In the records below, find the line containing "- net +3.3V: now also J4.T" and restate it and all lines after it exactly, through the last line.

═════ Data for this exercise

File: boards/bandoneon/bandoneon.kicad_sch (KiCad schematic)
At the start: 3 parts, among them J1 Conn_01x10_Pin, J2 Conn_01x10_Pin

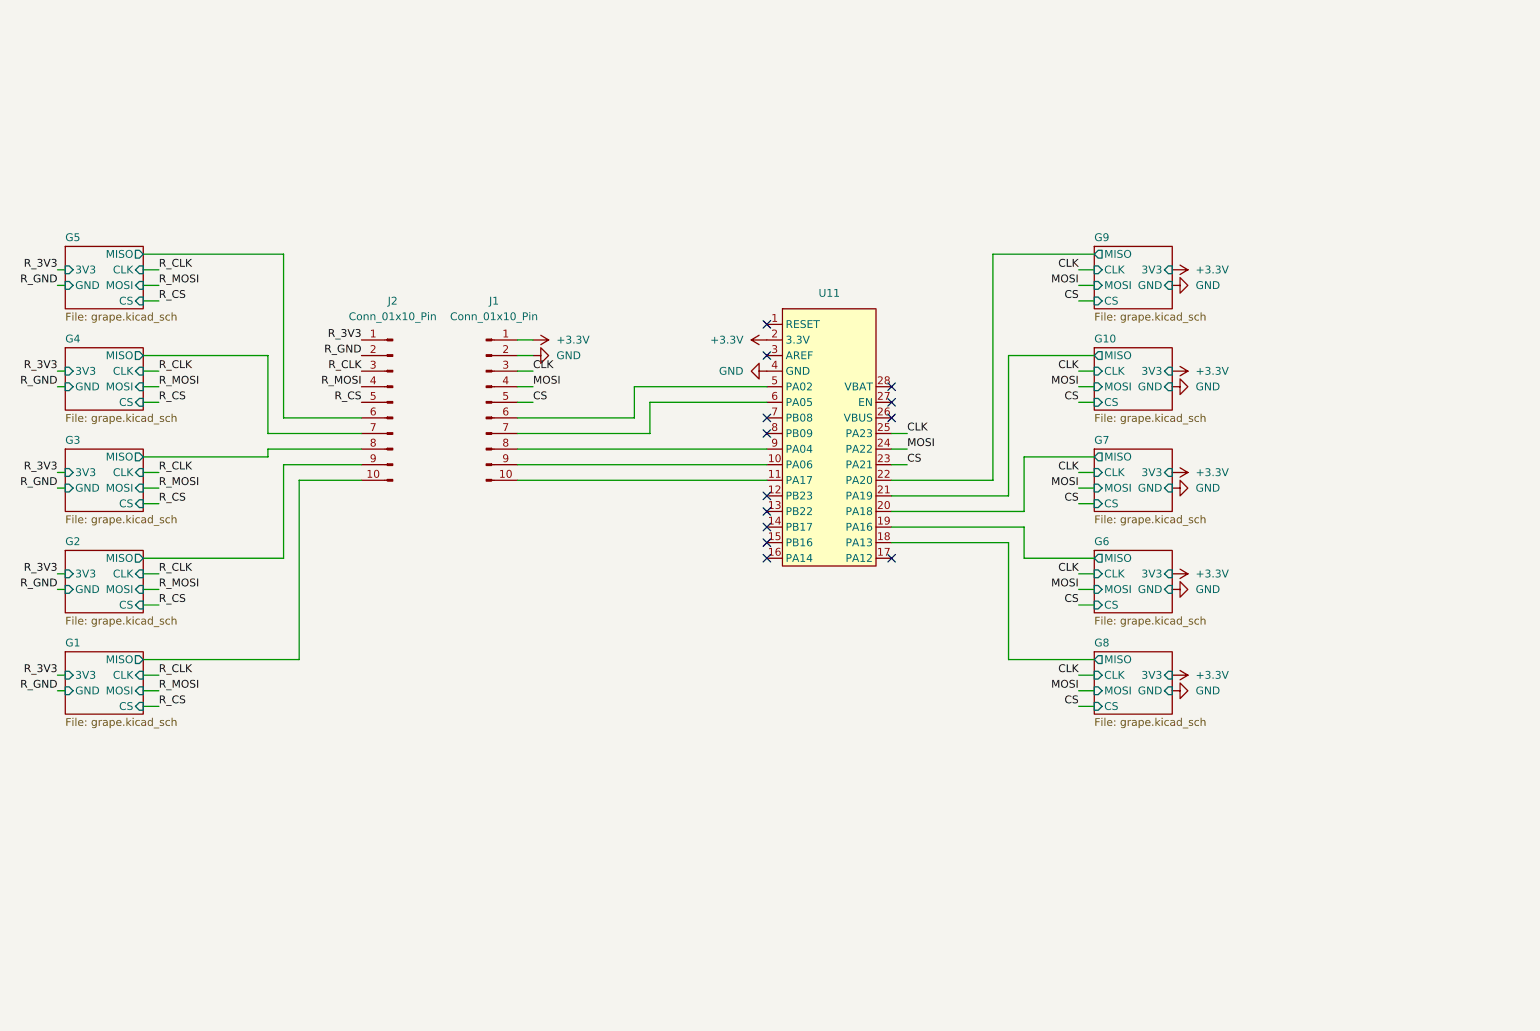
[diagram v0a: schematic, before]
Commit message: Use keyboard layout and set images DPI
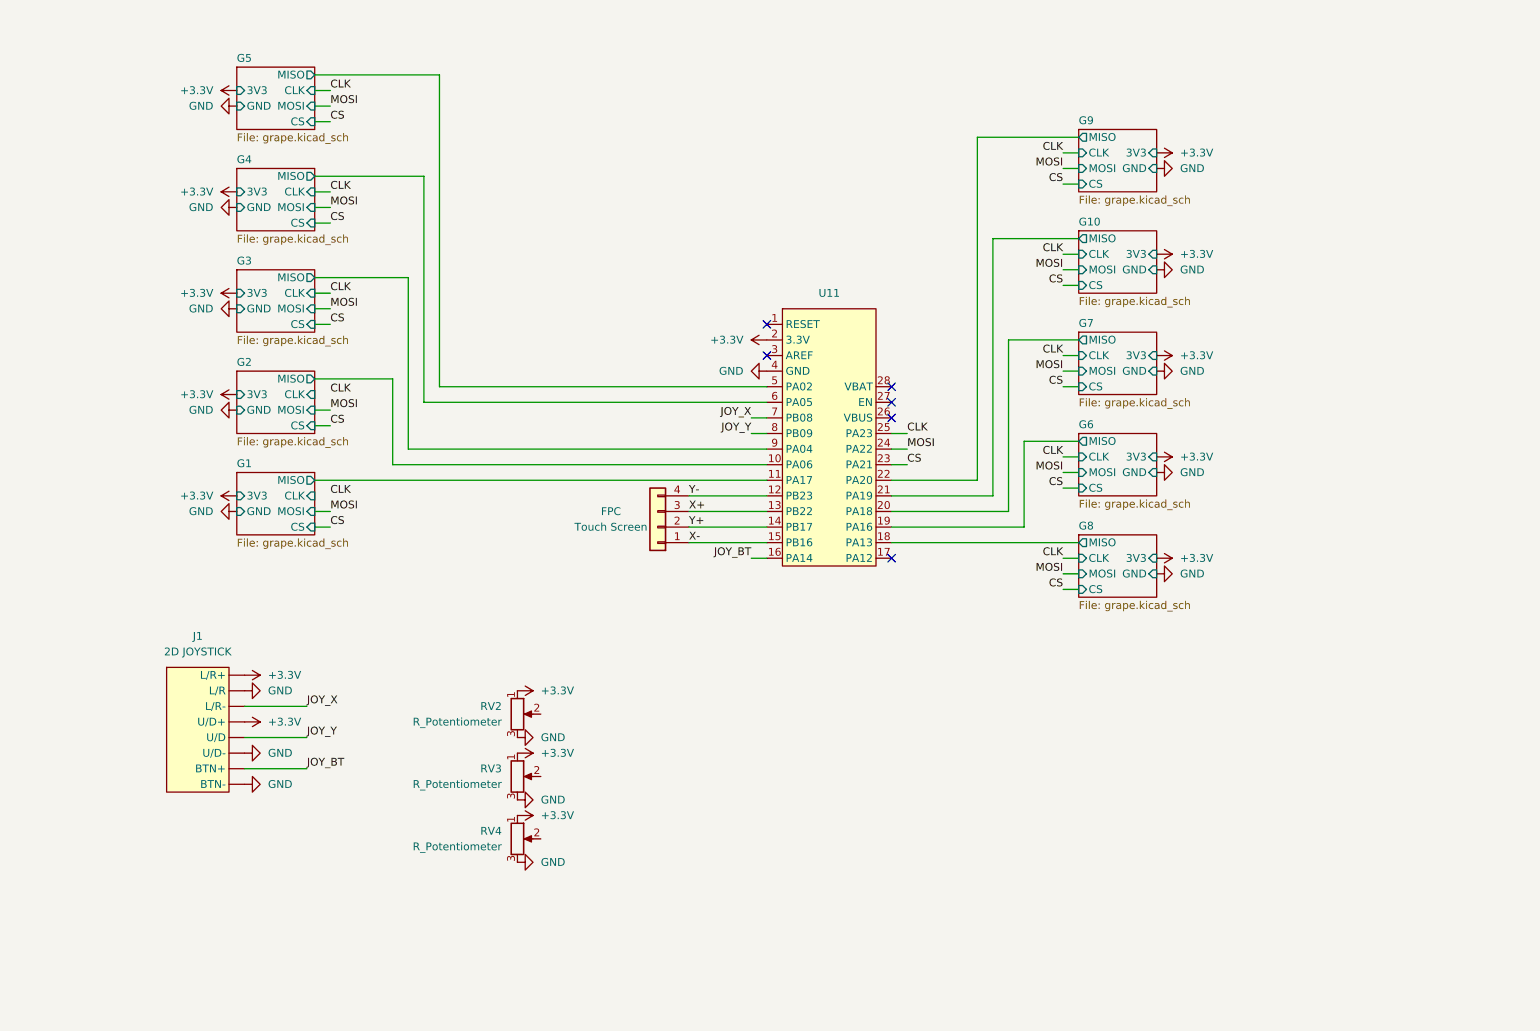
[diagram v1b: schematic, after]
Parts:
- removed J1, J2: Conn_01x10_Pin, Connector_PinHeader_1.27mm:PinHeader_1x10_P1.27mm_Vertical, symbol Connector:Conn_01x10_Pin
- added FPC: Touch Screen, Connector_FFC-FPC:TE_84952-4_1x04-1MP_P1.0mm_Horizontal, symbol Connector_Generic:Conn_01x04
- added J1: 2D JOYSTICK, symbol Library:2-Axis_Joystick
- added RV2, RV3, RV4: R_Potentiometer, symbol Device:R_Potentiometer
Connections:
- net +3.3V: now also J1. (U/D-), RV2.1, RV3.1, RV4.1
- net G1/MISO: now also U11.11 (PA17)
- net G2/MISO: now also U11.10 (PA06)
- net G3/MISO: now also U11.9 (PA04)
- net G4/MISO: now also U11.6 (PA05)
- net G5/MISO: now also U11.5 (PA02)
- net GND: now also J1. (U/D-), RV2.3, RV3.3, RV4.3
- net Y-: now reaches U11.12 (PB23)
- net Y-: now also FPC.4 (Pin_4)
- net X+: now reaches U11.13 (PB22)
- net X+: now also FPC.3 (Pin_3)
- net Y+: now reaches U11.14 (PB17)
- net Y+: now also FPC.2 (Pin_2)
- net X-: now reaches U11.15 (PB16)
- net X-: now also FPC.1 (Pin_1)
- net JOY_BT: now reaches U11.16 (PA14)
- net JOY_BT: now also J1. (U/D-)
- net JOY_X: now reaches U11.7 (PB08)
- net JOY_X: now also J1. (U/D-)
- net JOY_Y: now reaches U11.8 (PB09)
- net JOY_Y: now also J1. (U/D-)
- no-connect marks 13 -> 6

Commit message: Schamtic complete
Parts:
- removed RV3, RV4: R_Potentiometer, symbol Device:R_Potentiometer
- added J2: JST XH-3A, Connector_JST:JST_XH_B3B-XH-A_1x03_P2.50mm_Vertical, symbol Connector:Conn_01x03_Socket
- added J3: JST XH-3A, symbol Connector:Conn_01x03_Socket
- J1: footprint (none) -> Library:Adafruit (512) Analog 2-axis Thumb Joystick with Select Button
- renumbered FPC to FPC_1mm1
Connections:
- net G8/MISO is gone; now on net G1/MISO: U11.18 ((22)PA13)
- net +3.3V: now also J1.2 (X+), J1.5 (Y+), J2.3 (Pin_3); no longer J1. (U/D-), RV2.1
- net G1/MISO: no longer U11.11 (PA17)
- net G2/MISO: now also U11.16 (PA14(4)); no longer U11.10 (PA06)
- net G3/MISO: now also U11.11 (PA17(25)); no longer U11.9 (PA04)
- net G4/MISO: now also U11.10 (PA06(19/A5)); no longer U11.6 (PA05)
- net G5/MISO: now also U11.17 ((21)PA12); no longer U11.5 (PA02)
- net GND: now also J1.0 (X-), J1.3 (Y-), J1.6 (BTN-), J2.1 (Pin_1); no longer J1. (U/D-), RV2.3
- net JOY_BT: now also J1.7 (BTN+), U11.14 (PB17(0)); no longer J1. (U/D-), U11.16 (PA14)
- net JOY_X: now also J1.1 (X), U11.5 (PA02(14/A0)); no longer J1. (U/D-), U11.7 (PB08)
- net JOY_Y: now also J1.4 (Y), U11.6 (PA05(15/A1)); no longer J1. (U/D-), U11.8 (PB09)
- net at RV2.2: now also J3.2 (Pin_2)
- net X+ renamed SCR_X+
- net SCR_X+: now also U11.12 (PB23(24)); no longer U11.13 (PB22)
- net X-: no longer names the net of U11.15 (PB16(1))
- net X-: no longer FPC_1mm1.1 (Pin_1)
- net Y+ renamed SCR_Y+
- net SCR_Y+: now also U11.8 (PB09(17/A3)); no longer U11.14 (PB17)
- net Y- renamed SCR_Y-
- net SCR_Y-: now also U11.13 (PB22(23)); no longer U11.12 (PB23)
- new net: J3.3 (Pin_3), RV2.1
- new net: J3.1 (Pin_1), RV2.3
- new net POT: J2.2 (Pin_2), U11.9 (PA04(18/A4))
- new net SCR_X-: FPC_1mm1.1 (Pin_1), U11.7 (PB08(16/A2))
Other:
- removed sheet G8
- note added: "Analog reading out of Y+ and X-"
- moved on the sheet: FPC_1mm1, RV2, U11

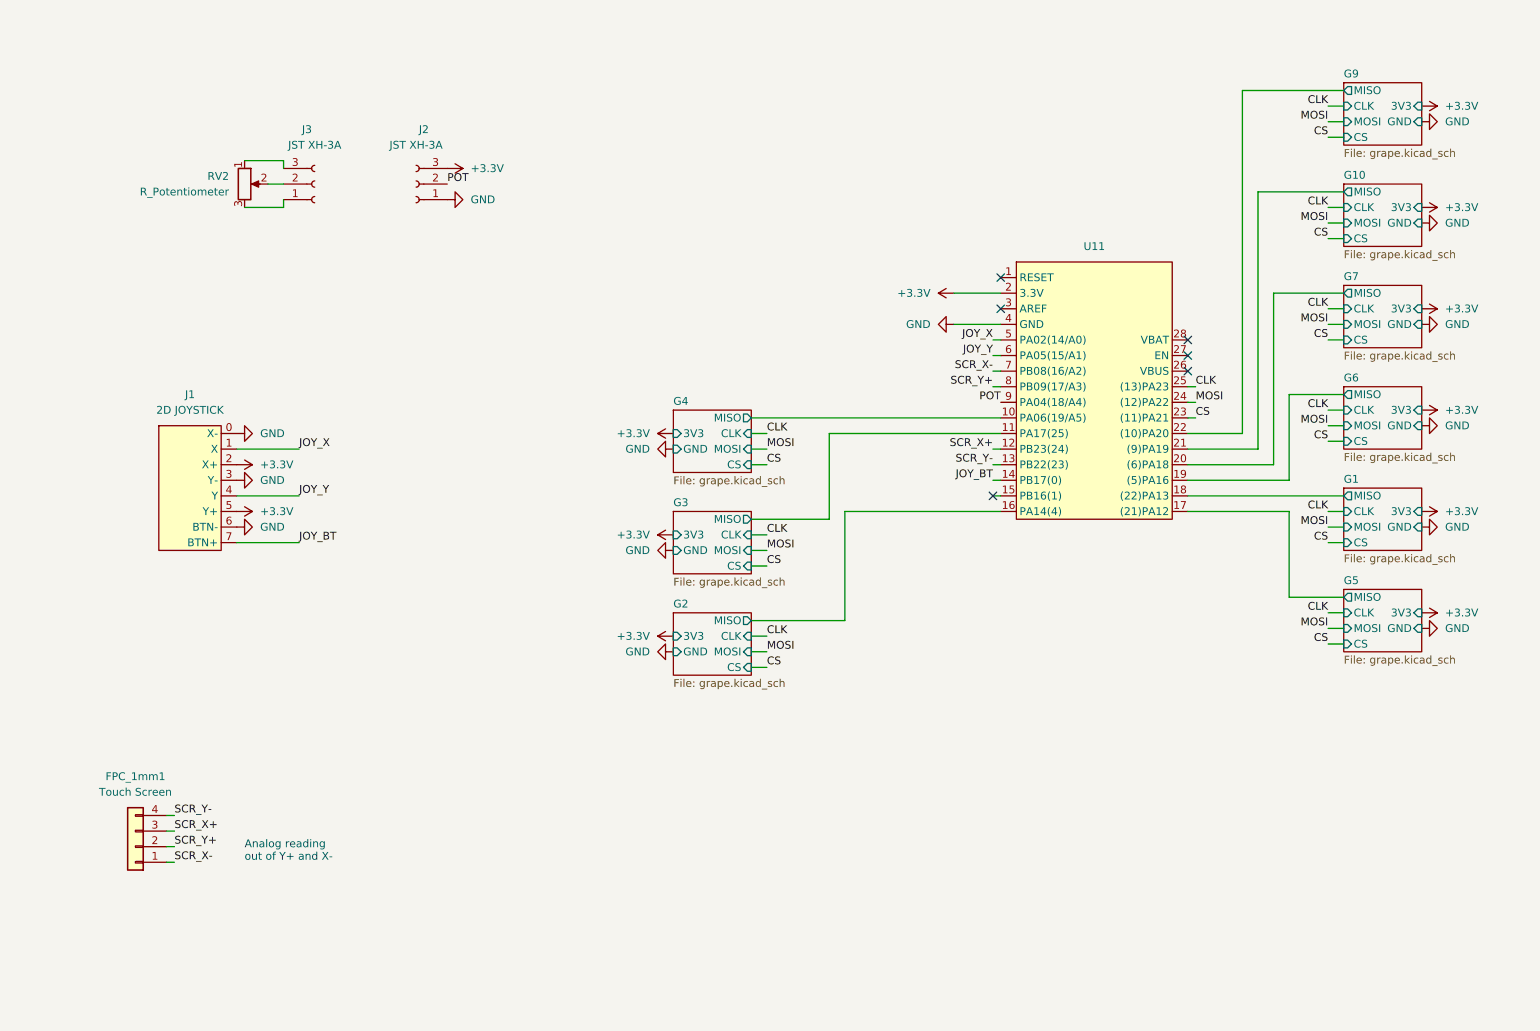
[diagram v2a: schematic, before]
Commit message: Fix component side
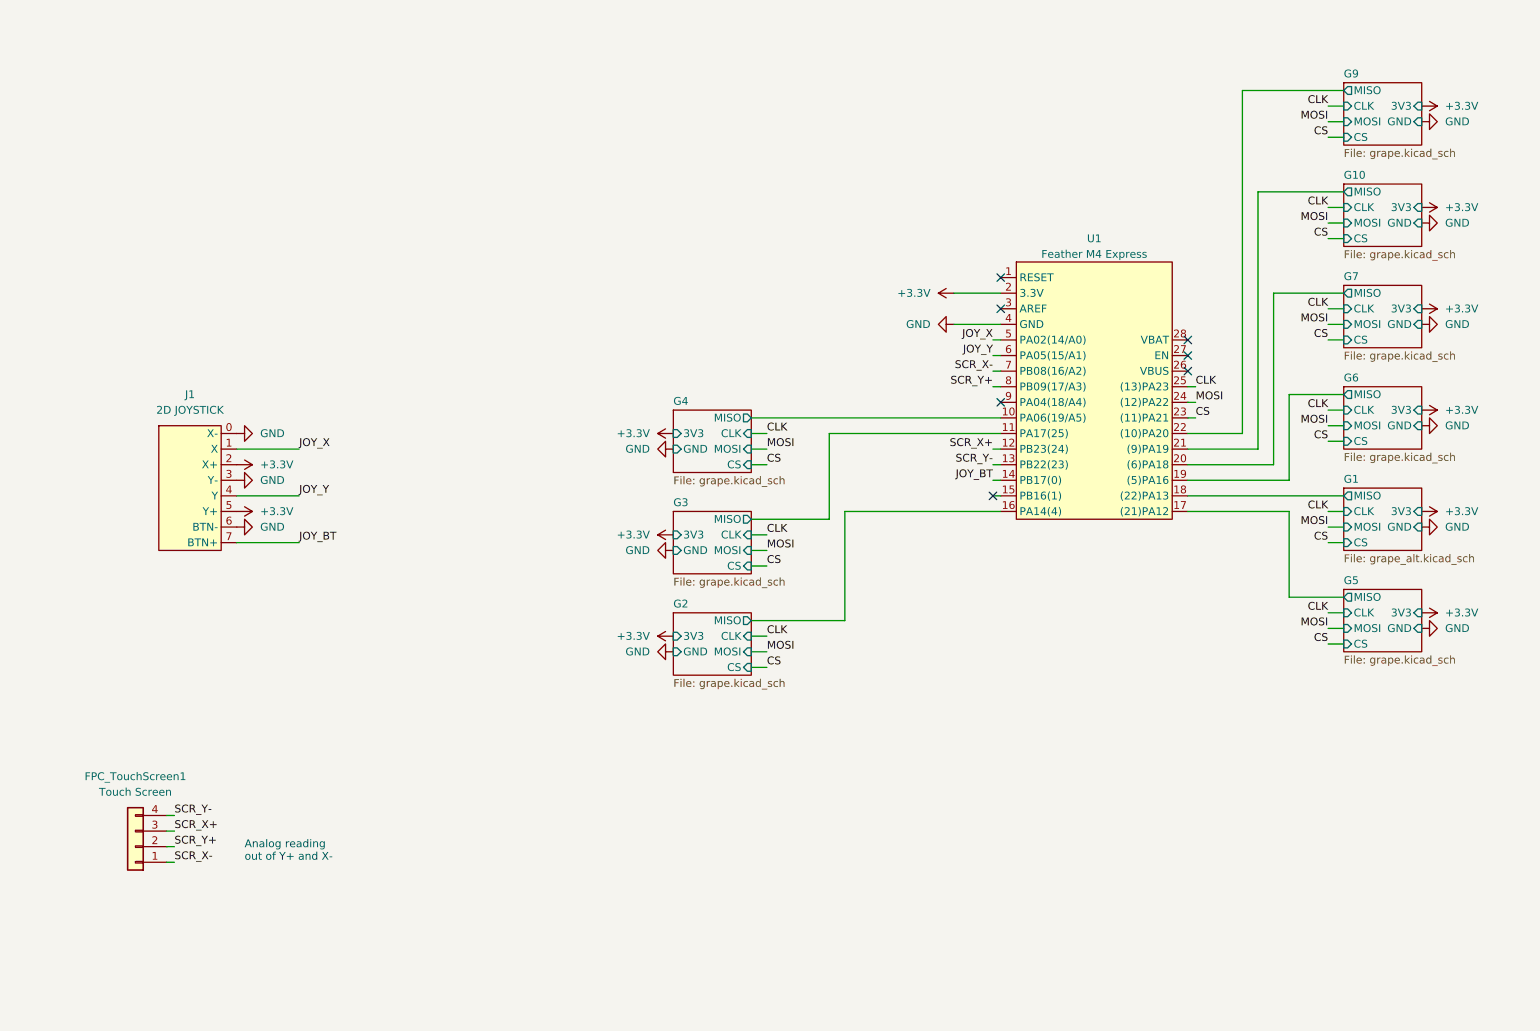
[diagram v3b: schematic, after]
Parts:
- removed J2: JST XH-3A, Connector_JST:JST_XH_B3B-XH-A_1x03_P2.50mm_Vertical, symbol Connector:Conn_01x03_Socket
- removed J3: JST XH-3A, symbol Connector:Conn_01x03_Socket
- removed RV2: R_Potentiometer, symbol Device:R_Potentiometer
- U1: renamed from U11; value ~ -> Feather M4 Express
- renumbered FPC_1mm1 to FPC_TouchScreen1
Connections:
- net POT: no longer names the net of U1.9 (PA04(18/A4))
- no-connect marks 6 -> 7
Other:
- sheet G1: file grape.kicad_sch -> grape_alt.kicad_sch

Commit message: Schema before wiring
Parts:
- removed FPC_TouchScreen1: Touch Screen, Connector_FFC-FPC:TE_84952-4_1x04-1MP_P1.0mm_Horizontal, symbol Connector_Generic:Conn_01x04
- added J4, J5: AudioJack3, Library:Jack TRS, symbol Connector_Audio:AudioJack3
- added J6, J8: JST XH-3A, symbol Connector:Conn_01x03_Socket
- added J7, J9: JST XH-3A, Connector_JST:JST_XH_B3B-XH-A_1x03_P2.50mm_Vertical, symbol Connector:Conn_01x03_Socket
- added R2: 10K, Resistor_SMD:R_0201_0603Metric, symbol Device:R
- added RV4, RV5: R_Potentiometer, symbol Device:R_Potentiometer
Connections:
- net +3.3V: now also J4.T
- net GND: now also J5.S, J7.1 (Pin_1), J9.1 (Pin_1), R2.1
- net SUS_PED: now reaches U1.15 (PB16(1))
- net SUS_PED: now also J5.T
- net P2: now reaches U1.9 (PA04(18/A4))
- net P2: now also J7.2 (Pin_2)
- net SCR_X+: no longer names the net of U1.12 (PB23(24))
- net SCR_X- renamed EXPR_PED
- net EXPR_PED: now also J4.R, R2.2
- net SCR_Y+ renamed P1
- net P1: now also J9.2 (Pin_2)
- net SCR_Y-: no longer names the net of U1.13 (PB22(23))
- new net: J8.1 (Pin_1), RV5.3
- new net: J8.2 (Pin_2), RV5.2
- new net: J8.3 (Pin_3), RV5.1
- new net: J6.3 (Pin_3), RV4.1
- new net: J6.2 (Pin_2), RV4.2
- new net: J6.1 (Pin_1), RV4.3
- new net 3V3: J7.3 (Pin_3), J9.3 (Pin_3)
- no-connect marks 7 -> 9
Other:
- note removed: "Analog reading out of Y+ and X-"
- moved on the sheet: J1, U1

══════════

Task result:
- net +3.3V: now also J4.T
- net GND: now also J5.S, J7.1 (Pin_1), J9.1 (Pin_1), R2.1
- net SUS_PED: now reaches U1.15 (PB16(1))
- net SUS_PED: now also J5.T
- net P2: now reaches U1.9 (PA04(18/A4))
- net P2: now also J7.2 (Pin_2)
- net SCR_X+: no longer names the net of U1.12 (PB23(24))
- net SCR_X- renamed EXPR_PED
- net EXPR_PED: now also J4.R, R2.2
- net SCR_Y+ renamed P1
- net P1: now also J9.2 (Pin_2)
- net SCR_Y-: no longer names the net of U1.13 (PB22(23))
- new net: J8.1 (Pin_1), RV5.3
- new net: J8.2 (Pin_2), RV5.2
- new net: J8.3 (Pin_3), RV5.1
- new net: J6.3 (Pin_3), RV4.1
- new net: J6.2 (Pin_2), RV4.2
- new net: J6.1 (Pin_1), RV4.3
- new net 3V3: J7.3 (Pin_3), J9.3 (Pin_3)
- no-connect marks 7 -> 9
Other:
- note removed: "Analog reading out of Y+ and X-"
- moved on the sheet: J1, U1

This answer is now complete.